* WHAT IS NEEDED *
Reproduce the entire listing exactly. Leave the pictures out.

START EXERCISE DATA

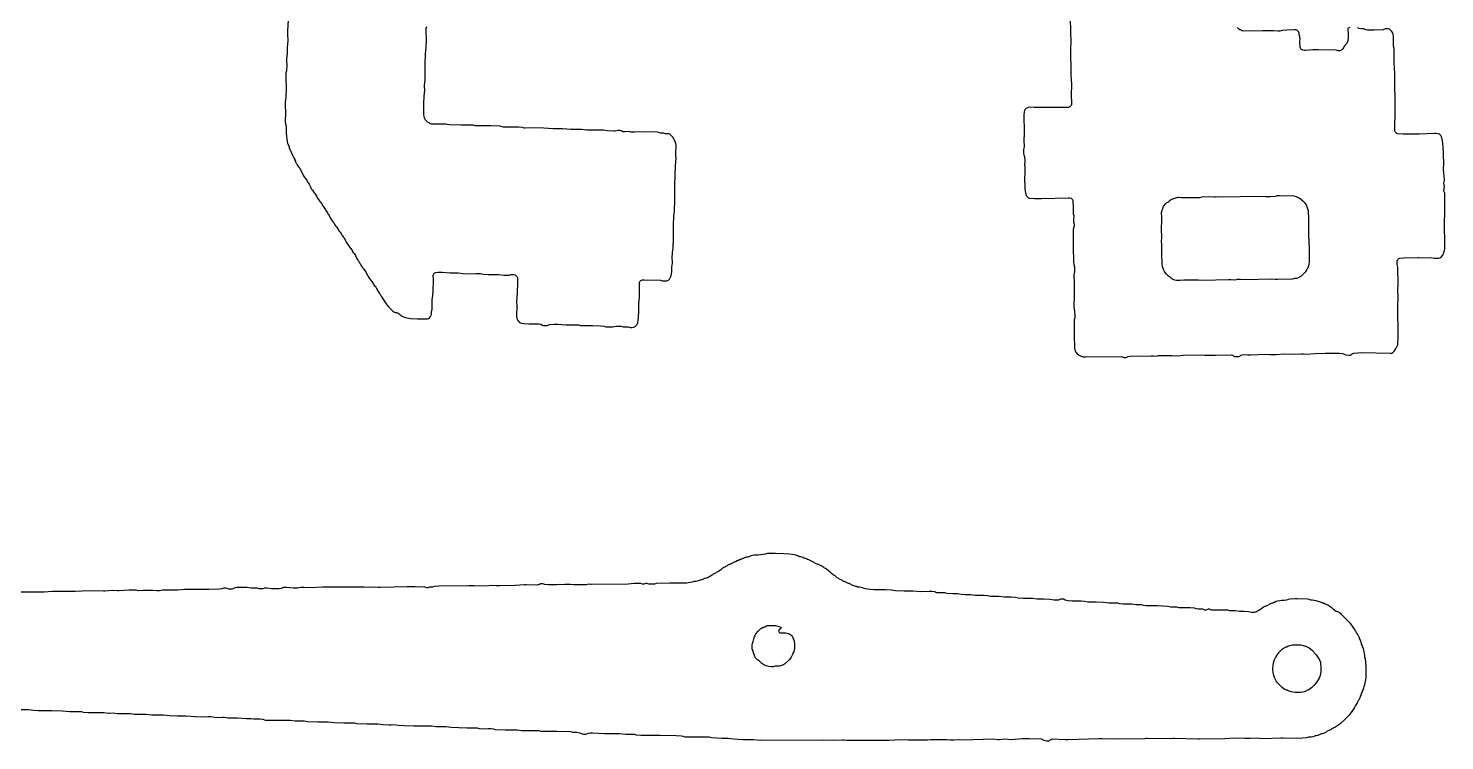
# Model space of a CAD drawing. Header units: metres. Extents: x 0 to 201, y 24 to 297.
# Drawn here: x 111.9 to 200.9, y 24.1 to 68.9 of the extents above; entities that cross this region are included whole.
import ezdxf

# ---------------------------------------------------------------- set-up
doc = ezdxf.new("R2010")
doc.units = ezdxf.units.M

msp = doc.modelspace()

# ---------------------------------------------------------------- linework, layer by layer
for points in [[(177.356, 69.448), (177.398, 67.945), (177.377, 67.649), (177.377, 67.585), (177.398, 65.934), (177.44, 65.341), (177.44, 65.215), (177.419, 64.77), (177.44, 64.072), (177.419, 64.008), (177.334, 63.923), (177.25, 63.881), (177.038, 63.881), (175.154, 63.881), (175.112, 63.881), (174.794, 63.902), (174.731, 63.881), (174.604, 63.817), (174.519, 63.733), (174.498, 63.691), (174.477, 63.606), (174.456, 63.394), (174.477, 62.357), (174.456, 61.701), (174.477, 61.532), (174.477, 61.404), (174.434, 61.235), (174.434, 60.981), (174.456, 60.896), (174.498, 60.791), (174.519, 60.537), (174.519, 60.494), (174.498, 60.304), (174.519, 60.113), (174.519, 59.838), (174.519, 59.69), (174.498, 59.478), (174.519, 58.78), (174.54, 58.632), (174.561, 58.526), (174.583, 58.441), (174.604, 58.378), (174.625, 58.335), (174.752, 58.208), (174.815, 58.187), (175.133, 58.166), (175.556, 58.166), (177.25, 58.208), (177.334, 58.208), (177.419, 58.187), (177.504, 58.102), (177.525, 58.039), (177.546, 57.594), (177.546, 57.192), (177.588, 57.087), (177.567, 56.832), (177.567, 56.684), (177.609, 56.557), (177.609, 56.451), (177.567, 56.325), (177.546, 56.176), (177.546, 55.944), (177.546, 55.393), (177.546, 55.118), (177.567, 54.187), (177.588, 54.017), (177.631, 53.869), (177.631, 53.763), (177.631, 53.594), (177.631, 53.552), (177.588, 53.361), (177.609, 52.832), (177.609, 52.726), (177.609, 52.303), (177.609, 52.091), (177.588, 51.35), (177.631, 51.054), (177.652, 50.758), (177.652, 50.652), (177.609, 50.546), (177.609, 50.228), (177.609, 49.763), (177.609, 49.593), (177.631, 48.747), (177.652, 48.641), (177.673, 48.578), (177.715, 48.493), (177.8, 48.408), (177.885, 48.345), (178.096, 48.239), (178.181, 48.218), (178.329, 48.218), (180.615, 48.239), (180.7, 48.197), (180.763, 48.175), (180.869, 48.175), (180.933, 48.197), (181.017, 48.239), (181.123, 48.26), (182.457, 48.281), (182.605, 48.281), (182.795, 48.26), (182.922, 48.302), (183.155, 48.302), (183.578, 48.302), (183.769, 48.302), (184.108, 48.281), (184.468, 48.323), (185.611, 48.345), (185.822, 48.323), (185.949, 48.323), (186.457, 48.323), (186.499, 48.323), (187.494, 48.345), (187.558, 48.323), (187.6, 48.302), (187.642, 48.26), (187.706, 48.239), (187.875, 48.239), (187.939, 48.239), (187.981, 48.239), (188.023, 48.26), (188.066, 48.302), (188.15, 48.345), (188.32, 48.366), (188.531, 48.345), (188.701, 48.345), (189.611, 48.387), (189.907, 48.366), (189.95, 48.366), (190.183, 48.366), (190.331, 48.366), (190.817, 48.408), (191.41, 48.387), (191.897, 48.408), (192.024, 48.408), (192.193, 48.387), (192.765, 48.429), (193.379, 48.45), (193.59, 48.45), (193.865, 48.45), (193.993, 48.45), (194.225, 48.45), (194.289, 48.45), (194.479, 48.429), (194.543, 48.408), (194.627, 48.366), (194.733, 48.345), (194.881, 48.323), (194.966, 48.323), (195.008, 48.345), (195.072, 48.408), (195.114, 48.429), (195.178, 48.45), (195.686, 48.472), (197.464, 48.45), (197.57, 48.45), (197.633, 48.472), (197.739, 48.578), (197.781, 48.641), (197.824, 48.747), (197.866, 48.789), (197.929, 48.916), (197.951, 49.001), (197.972, 49.466), (197.951, 51.414), (197.972, 51.985), (197.951, 52.409), (197.951, 52.451), (197.972, 52.726), (197.951, 53.848), (197.908, 54.017), (197.908, 54.229), (197.929, 54.292), (197.951, 54.335), (198.014, 54.398), (198.078, 54.419), (198.31, 54.441), (199.221, 54.462), (199.263, 54.462), (199.453, 54.441), (200.046, 54.462), (200.237, 54.419), (200.533, 54.419), (200.618, 54.441), (200.66, 54.462), (200.787, 54.589), (200.829, 54.673), (200.85, 54.779), (200.872, 54.885), (200.893, 55.012), (200.872, 56.811), (200.893, 57.108), (200.893, 57.256), (200.893, 58.124), (200.893, 58.505), (200.85, 58.611), (200.872, 58.907), (200.85, 59.118), (200.872, 59.288), (200.872, 59.351), (200.829, 59.986), (200.829, 60.113), (200.85, 60.261), (200.829, 61.023), (200.808, 61.362), (200.787, 61.637), (200.766, 61.785), (200.745, 61.891), (200.724, 61.976), (200.702, 62.039), (200.66, 62.124), (200.575, 62.209), (200.512, 62.23), (200.343, 62.251), (200.258, 62.251), (199.284, 62.209), (198.289, 62.209), (197.951, 62.23), (197.887, 62.251), (197.781, 62.357), (197.76, 62.399), (197.76, 62.59), (197.781, 63.648), (197.76, 66.019), (197.718, 66.696), (197.718, 67.585), (197.675, 67.733), (197.675, 68.368), (197.654, 68.495), (197.633, 68.559), (197.612, 68.601), (197.57, 68.665), (197.464, 68.77), (197.421, 68.792), (197.358, 68.813), (197.146, 68.813), (197.019, 68.77), (196.469, 68.749), (196.363, 68.749), (196.13, 68.749), (196.046, 68.749), (195.94, 68.77), (195.813, 68.813), (195.643, 68.813), (195.517, 68.834), (195.411, 68.876)], [(128.228, 69.384), (128.185, 68.686), (128.185, 68.495), (128.207, 68.072), (128.164, 67.67), (128.164, 67.268), (128.122, 66.908), (128.122, 66.781), (128.143, 66.569), (128.122, 66.188), (128.079, 66.061), (128.079, 65.68), (128.101, 65.109), (128.079, 64.516), (128.037, 64.22), (128.037, 64.029), (128.058, 63.563), (128.037, 62.992), (128.058, 62.823), (128.101, 62.696), (128.101, 62.272), (128.122, 62.082), (128.143, 61.87), (128.164, 61.764), (128.185, 61.637), (128.207, 61.574), (128.27, 61.468), (128.291, 61.404), (128.291, 61.341), (128.312, 61.277), (128.418, 61.087), (128.418, 61.045), (128.503, 60.896), (128.503, 60.854), (128.545, 60.812), (128.609, 60.664), (128.651, 60.621), (128.651, 60.579), (128.693, 60.515), (128.693, 60.473), (128.736, 60.389), (128.778, 60.346), (128.799, 60.283), (128.841, 60.219), (128.884, 60.156), (128.969, 60.071), (129.201, 59.584), (129.244, 59.521), (129.307, 59.436), (129.35, 59.394), (129.392, 59.33), (129.434, 59.267), (129.476, 59.161), (129.519, 59.118), (129.561, 59.055), (129.646, 58.886), (129.646, 58.843), (129.688, 58.801), (129.709, 58.737), (129.752, 58.674), (129.815, 58.589), (129.857, 58.526), (129.9, 58.483), (129.942, 58.42), (129.984, 58.356), (130.027, 58.293), (130.048, 58.23), (130.09, 58.166), (130.133, 58.102), (130.175, 58.039), (130.217, 57.975), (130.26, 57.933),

END EXERCISE DATA

* SOLUTION TO THIS EXERCISE *
# Model space of a CAD drawing. Header units: metres. Extents: x 0 to 201, y 24 to 297.
# Drawn here: x 111.9 to 200.9, y 24.1 to 68.9 of the extents above; entities that cross this region are included whole.
import ezdxf

# ---------------------------------------------------------------- set-up
doc = ezdxf.new("R2010")
doc.units = ezdxf.units.M

msp = doc.modelspace()

# ---------------------------------------------------------------- linework, layer by layer
for points in [[(177.356, 69.448), (177.398, 67.945), (177.377, 67.649), (177.377, 67.585), (177.398, 65.934), (177.44, 65.341), (177.44, 65.215), (177.419, 64.77), (177.44, 64.072), (177.419, 64.008), (177.334, 63.923), (177.25, 63.881), (177.038, 63.881), (175.154, 63.881), (175.112, 63.881), (174.794, 63.902), (174.731, 63.881), (174.604, 63.817), (174.519, 63.733), (174.498, 63.691), (174.477, 63.606), (174.456, 63.394), (174.477, 62.357), (174.456, 61.701), (174.477, 61.532), (174.477, 61.404), (174.434, 61.235), (174.434, 60.981), (174.456, 60.896), (174.498, 60.791), (174.519, 60.537), (174.519, 60.494), (174.498, 60.304), (174.519, 60.113), (174.519, 59.838), (174.519, 59.69), (174.498, 59.478), (174.519, 58.78), (174.54, 58.632), (174.561, 58.526), (174.583, 58.441), (174.604, 58.378), (174.625, 58.335), (174.752, 58.208), (174.815, 58.187), (175.133, 58.166), (175.556, 58.166), (177.25, 58.208), (177.334, 58.208), (177.419, 58.187), (177.504, 58.102), (177.525, 58.039), (177.546, 57.594), (177.546, 57.192), (177.588, 57.087), (177.567, 56.832), (177.567, 56.684), (177.609, 56.557), (177.609, 56.451), (177.567, 56.325), (177.546, 56.176), (177.546, 55.944), (177.546, 55.393), (177.546, 55.118), (177.567, 54.187), (177.588, 54.017), (177.631, 53.869), (177.631, 53.763), (177.631, 53.594), (177.631, 53.552), (177.588, 53.361), (177.609, 52.832), (177.609, 52.726), (177.609, 52.303), (177.609, 52.091), (177.588, 51.35), (177.631, 51.054), (177.652, 50.758), (177.652, 50.652), (177.609, 50.546), (177.609, 50.228), (177.609, 49.763), (177.609, 49.593), (177.631, 48.747), (177.652, 48.641), (177.673, 48.578), (177.715, 48.493), (177.8, 48.408), (177.885, 48.345), (178.096, 48.239), (178.181, 48.218), (178.329, 48.218), (180.615, 48.239), (180.7, 48.197), (180.763, 48.175), (180.869, 48.175), (180.933, 48.197), (181.017, 48.239), (181.123, 48.26), (182.457, 48.281), (182.605, 48.281), (182.795, 48.26), (182.922, 48.302), (183.155, 48.302), (183.578, 48.302), (183.769, 48.302), (184.108, 48.281), (184.468, 48.323), (185.611, 48.345), (185.822, 48.323), (185.949, 48.323), (186.457, 48.323), (186.499, 48.323), (187.494, 48.345), (187.558, 48.323), (187.6, 48.302), (187.642, 48.26), (187.706, 48.239), (187.875, 48.239), (187.939, 48.239), (187.981, 48.239), (188.023, 48.26), (188.066, 48.302), (188.15, 48.345), (188.32, 48.366), (188.531, 48.345), (188.701, 48.345), (189.611, 48.387), (189.907, 48.366), (189.95, 48.366), (190.183, 48.366), (190.331, 48.366), (190.817, 48.408), (191.41, 48.387), (191.897, 48.408), (192.024, 48.408), (192.193, 48.387), (192.765, 48.429), (193.379, 48.45), (193.59, 48.45), (193.865, 48.45), (193.993, 48.45), (194.225, 48.45), (194.289, 48.45), (194.479, 48.429), (194.543, 48.408), (194.627, 48.366), (194.733, 48.345), (194.881, 48.323), (194.966, 48.323), (195.008, 48.345), (195.072, 48.408), (195.114, 48.429), (195.178, 48.45), (195.686, 48.472), (197.464, 48.45), (197.57, 48.45), (197.633, 48.472), (197.739, 48.578), (197.781, 48.641), (197.824, 48.747), (197.866, 48.789), (197.929, 48.916), (197.951, 49.001), (197.972, 49.466), (197.951, 51.414), (197.972, 51.985), (197.951, 52.409), (197.951, 52.451), (197.972, 52.726), (197.951, 53.848), (197.908, 54.017), (197.908, 54.229), (197.929, 54.292), (197.951, 54.335), (198.014, 54.398), (198.078, 54.419), (198.31, 54.441), (199.221, 54.462), (199.263, 54.462), (199.453, 54.441), (200.046, 54.462), (200.237, 54.419), (200.533, 54.419), (200.618, 54.441), (200.66, 54.462), (200.787, 54.589), (200.829, 54.673), (200.85, 54.779), (200.872, 54.885), (200.893, 55.012), (200.872, 56.811), (200.893, 57.108), (200.893, 57.256), (200.893, 58.124), (200.893, 58.505), (200.85, 58.611), (200.872, 58.907), (200.85, 59.118), (200.872, 59.288), (200.872, 59.351), (200.829, 59.986), (200.829, 60.113), (200.85, 60.261), (200.829, 61.023), (200.808, 61.362), (200.787, 61.637), (200.766, 61.785), (200.745, 61.891), (200.724, 61.976), (200.702, 62.039), (200.66, 62.124), (200.575, 62.209), (200.512, 62.23), (200.343, 62.251), (200.258, 62.251), (199.284, 62.209), (198.289, 62.209), (197.951, 62.23), (197.887, 62.251), (197.781, 62.357), (197.76, 62.399), (197.76, 62.59), (197.781, 63.648), (197.76, 66.019), (197.718, 66.696), (197.718, 67.585), (197.675, 67.733), (197.675, 68.368), (197.654, 68.495), (197.633, 68.559), (197.612, 68.601), (197.57, 68.665), (197.464, 68.77), (197.421, 68.792), (197.358, 68.813), (197.146, 68.813), (197.019, 68.77), (196.469, 68.749), (196.363, 68.749), (196.13, 68.749), (196.046, 68.749), (195.94, 68.77), (195.813, 68.813), (195.643, 68.813), (195.517, 68.834), (195.411, 68.876)], [(128.228, 69.384), (128.185, 68.686), (128.185, 68.495), (128.207, 68.072), (128.164, 67.67), (128.164, 67.268), (128.122, 66.908), (128.122, 66.781), (128.143, 66.569), (128.122, 66.188), (128.079, 66.061), (128.079, 65.68), (128.101, 65.109), (128.079, 64.516), (128.037, 64.22), (128.037, 64.029), (128.058, 63.563), (128.037, 62.992), (128.058, 62.823), (128.101, 62.696), (128.101, 62.272), (128.122, 62.082), (128.143, 61.87), (128.164, 61.764), (128.185, 61.637), (128.207, 61.574), (128.27, 61.468), (128.291, 61.404), (128.291, 61.341), (128.312, 61.277), (128.418, 61.087), (128.418, 61.045), (128.503, 60.896), (128.503, 60.854), (128.545, 60.812), (128.609, 60.664), (128.651, 60.621), (128.651, 60.579), (128.693, 60.515), (128.693, 60.473), (128.736, 60.389), (128.778, 60.346), (128.799, 60.283), (128.841, 60.219), (128.884, 60.156), (128.969, 60.071), (129.201, 59.584), (129.244, 59.521), (129.307, 59.436), (129.35, 59.394), (129.392, 59.33), (129.434, 59.267), (129.476, 59.161), (129.519, 59.118), (129.561, 59.055), (129.646, 58.886), (129.646, 58.843), (129.688, 58.801), (129.709, 58.737), (129.752, 58.674), (129.815, 58.589), (129.857, 58.526), (129.9, 58.483), (129.942, 58.42), (129.984, 58.356), (130.027, 58.293), (130.048, 58.23), (130.09, 58.166), (130.133, 58.102), (130.175, 58.039), (130.217, 57.975), (130.26, 57.933),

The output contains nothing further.